The article that caught my attention was entitled, What Will Happen to Alternative Medicine?

"Most [alternative] will go the way of snake oil and orgone booths," wrote Leon Jaroff. "Alternative medicine is merely a politically correct term for what used to be called quackery. Any alternative therapy that can be proved valid will swiftly be incorporated into mainstream medicine. Any ‘medicine’ that is based on myth, irrationality and deception will eventually be rejected."

Jaroff writes a regular column in Discover magazine that "skewers bogus science." He’s set himself up as an expert of what’s real and what’s not. He adds that "purveyors of this voodoo medicine point with pride to the fact that most US medical schools, influenced by research grants and public opinion, have launched courses in alternative medicine.

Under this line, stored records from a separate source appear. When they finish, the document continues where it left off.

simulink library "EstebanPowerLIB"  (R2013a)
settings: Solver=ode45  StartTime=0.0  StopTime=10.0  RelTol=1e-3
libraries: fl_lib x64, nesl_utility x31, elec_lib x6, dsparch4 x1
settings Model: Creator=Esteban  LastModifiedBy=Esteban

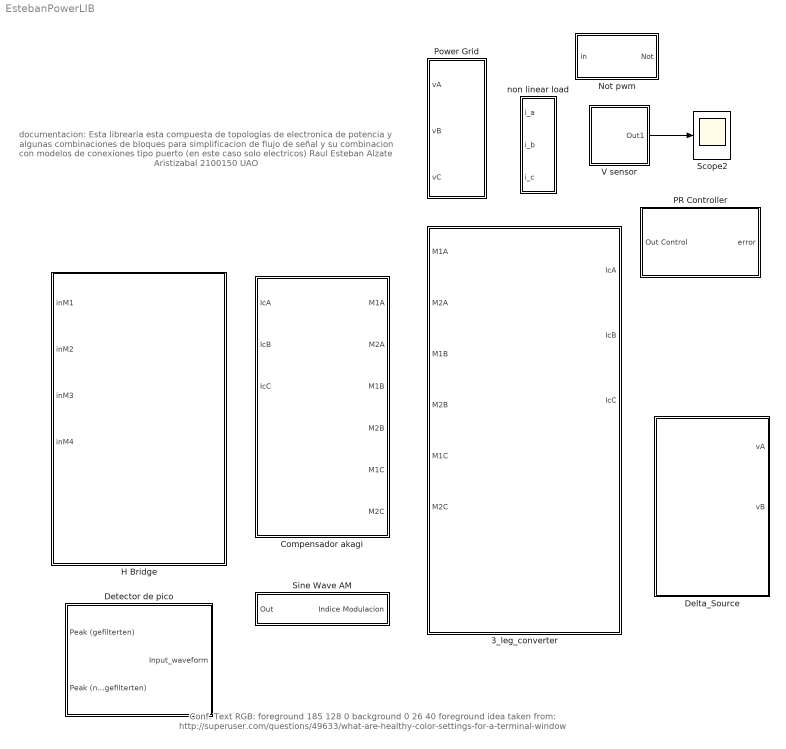
== system EstebanPowerLIB ==
  note: documentacion:
      |
      |
      | Esta librearia esta compuesta
      | de topologias de electronica de potencia
      | y algunas combinaciones de bloques
      | para simplificacion de flujo de señal
      | y su combinacion con modelos de conexiones
      | tipo puerto (en este caso solo electricos)
      |
      | Raul Esteban Alzate Aristizabal 2100150 UAO
  note: Conf. Text
      | RGB:
      | foreground 185 128 0
      | background 0 26 40
      | foreground idea taken from:
      | http://superuser.com/questions/49633/what-are-healthy-color-settings-for-a-terminal-window
  3_leg_converter : Subsystem
  Compensador akagi : Subsystem
  Delta_Source : Subsystem
  Detector de pico : Subsystem
  H Bridge : Subsystem
  Not pwm : Subsystem
  PR Controller : Subsystem
  Power Grid : Subsystem
  Scope2 : Scope
  Sine Wave AM : Subsystem
  V sensor : Subsystem
  non linear load : Subsystem
  wires:
  V sensor/1(Out1) -> Scope2/1

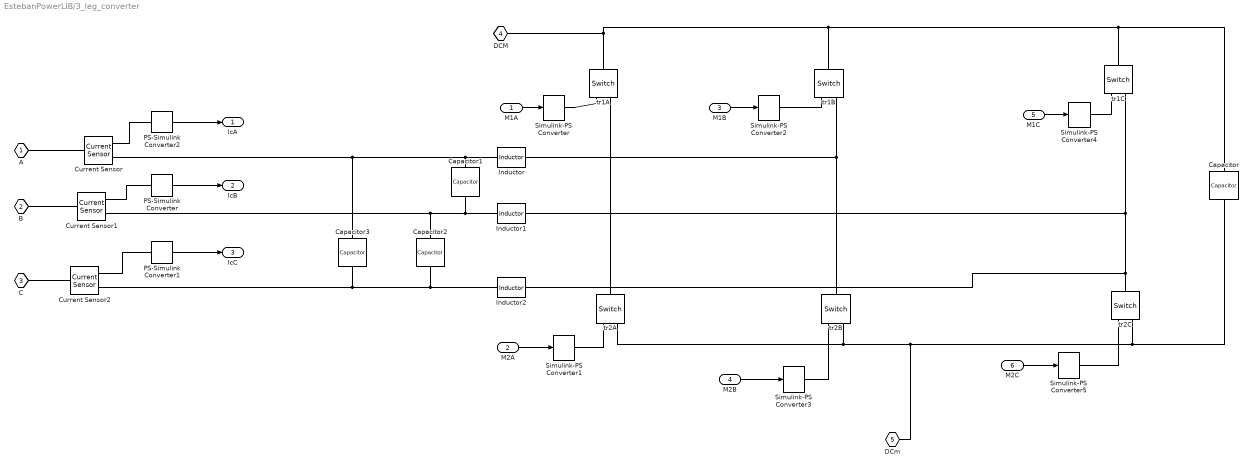
== system EstebanPowerLIB/3_leg_converter ==
  M1A : Inport
  M2A : Inport  Port=2
  M1B : Inport  Port=3
  M2B : Inport  Port=4
  M1C : Inport  Port=5
  M2C : Inport  Port=6
  Capacitor : fl_lib/Electrical/Electrical Elements/Capacitor  c=5 uF  v0=0 V  r=1e-6 Ohm  g=0 1/Ohm  i_Log=off  v_Log=off  vc_Log=off  LocalVarNames=|i|v|vc  LocalVarDescs=|i|v|Internal variable for voltage across capacitor term  LocalVarLogging=[0 0 0]
  Capacitor1 : fl_lib/Electrical/Electrical Elements/Capacitor  c=0.5 uF  v0=0 V  r=1e-6 Ohm  g=13e-8 1/Ohm  i_Log=off  v_Log=off  vc_Log=off  LocalVarNames=|i|v|vc  LocalVarDescs=|i|v|Internal variable for voltage across capacitor term  LocalVarLogging=[0 0 0]
  Capacitor2 : fl_lib/Electrical/Electrical Elements/Capacitor  c=0.5 uF  v0=0 V  r=1e-6 Ohm  g=13e-8 1/Ohm  i_Log=off  v_Log=off  vc_Log=off  LocalVarNames=|i|v|vc  LocalVarDescs=|i|v|Internal variable for voltage across capacitor term  LocalVarLogging=[0 0 0]
  Capacitor3 : fl_lib/Electrical/Electrical Elements/Capacitor  c=0.5 uF  v0=0 V  r=1e-6 Ohm  g=13e-8 1/Ohm  i_Log=off  v_Log=off  vc_Log=off  LocalVarNames=|i|v|vc  LocalVarDescs=|i|v|Internal variable for voltage across capacitor term  LocalVarLogging=[0 0 0]
  Current Sensor : fl_lib/Electrical/Electrical Sensors/Current Sensor  i1_Log=off  v1_Log=off  LocalVarNames=|i1|v1  LocalVarDescs=|i1|v1  LocalVarLogging=[0 0]
  Current Sensor1 : fl_lib/Electrical/Electrical Sensors/Current Sensor  i1_Log=off  v1_Log=off  LocalVarNames=|i1|v1  LocalVarDescs=|i1|v1  LocalVarLogging=[0 0]
  Current Sensor2 : fl_lib/Electrical/Electrical Sensors/Current Sensor  i1_Log=off  v1_Log=off  LocalVarNames=|i1|v1  LocalVarDescs=|i1|v1  LocalVarLogging=[0 0]
  Inductor : fl_lib/Electrical/Electrical Elements/Inductor  l=2.4 mH  i0=0 A  r=0.1 Ohm  g=1e-5 1/Ohm  i_Log=off  v_Log=off  i_L_Log=off  LocalVarNames=|i|v|i_L  LocalVarDescs=|i|v|Internal variable for current through inductor term  LocalVarLogging=[0 0 0]
  Inductor1 : fl_lib/Electrical/Electrical Elements/Inductor  l=2.4 mH  i0=0 A  r=0.1 Ohm  g=1e-5 1/Ohm  i_Log=off  v_Log=off  i_L_Log=off  LocalVarNames=|i|v|i_L  LocalVarDescs=|i|v|Internal variable for current through inductor term  LocalVarLogging=[0 0 0]
  Inductor2 : fl_lib/Electrical/Electrical Elements/Inductor  l=2.4 mH  i0=0 A  r=0.1 Ohm  g=1e-5 1/Ohm  i_Log=off  v_Log=off  i_L_Log=off  LocalVarNames=|i|v|i_L  LocalVarDescs=|i|v|Internal variable for current through inductor term  LocalVarLogging=[0 0 0]
  PS-Simulink Converter : nesl_utility/PS-Simulink Converter  PhysicalDomain=network_engine_domain  SubClassName=ps_output  LeftPortType=input  RightPortType=output  PseudoPeriodic=off  Frequencies=[]  Unit=1  AffineConversion=off
  PS-Simulink Converter1 : nesl_utility/PS-Simulink Converter  PhysicalDomain=network_engine_domain  SubClassName=ps_output  LeftPortType=input  RightPortType=output  PseudoPeriodic=off  Frequencies=[]  Unit=1  AffineConversion=off
  PS-Simulink Converter2 : nesl_utility/PS-Simulink Converter  PhysicalDomain=network_engine_domain  SubClassName=ps_output  LeftPortType=input  RightPortType=output  PseudoPeriodic=off  Frequencies=[]  Unit=1  AffineConversion=off
  Simulink-PS Converter{,1..5} (6 alike) : nesl_utility/Simulink-PS Converter  PhysicalDomain=network_engine_domain  SubClassName=ps_input  LeftPortType=input  RightPortType=output  PseudoPeriodic=off  Frequencies=[]  NoiseDistribution=none  NoiseParameters=[]  Unit=1  AffineConversion=off  InputFiltering=off  SimscapeFilterOrder=1  InputFilterTimeConstant=0.001  UdotUserProvided=1
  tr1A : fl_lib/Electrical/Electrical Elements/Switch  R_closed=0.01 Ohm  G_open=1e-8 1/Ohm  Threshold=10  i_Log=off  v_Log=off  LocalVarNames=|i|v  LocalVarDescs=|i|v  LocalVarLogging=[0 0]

But the result will not be what they expect. Legitimate medical schools--and most of them are--will dispassionately dissect the alternatives and evaluate their effectiveness. In so doing they will breed new generations of doctors who will urge patients to be skeptical about false claims and bogus science."

The motive of Time Warner and its pharmaceutical friends is curiously hand-in-glove with the Institute for International Research.

What Dr Sampson and his cohorts are really saying is that those "alternative" guys are obviously in the way and that medical doctors shouldn’t work with them. Their motto could be "Run over them. It’s war. Stake out your medical territory, put up the skull and crossbones--and take the next hill."

The only trouble is, generals can’t win the war without dedicated followers, and the rank and file of patient-consumers is deserting the old guard, right and left.

Time magazine has a lot more financial clout behind it than alive, but alive readers are true believers. That’s what it takes to win a war and to make a medical turn around in the 21st century. Natural medicine happens to have what it takes to succeed--results!

Incidentally, it’s no longer the alternative. Natural medicine is primary health care for a bunch of us!

The fight is on and the battle lines are drawn. What’s obvious is that orthodoxy is on the defensive, regarding the anti-alternative conference and the not-so-subtle attacks by Time Warner. alive is poised for the challenge. To take us into the new millennium I welcome a new colleague and editor, Gwynn Alcorn. She will occupy this space each month and I will take my column to another section: The Politics of Health. See you there!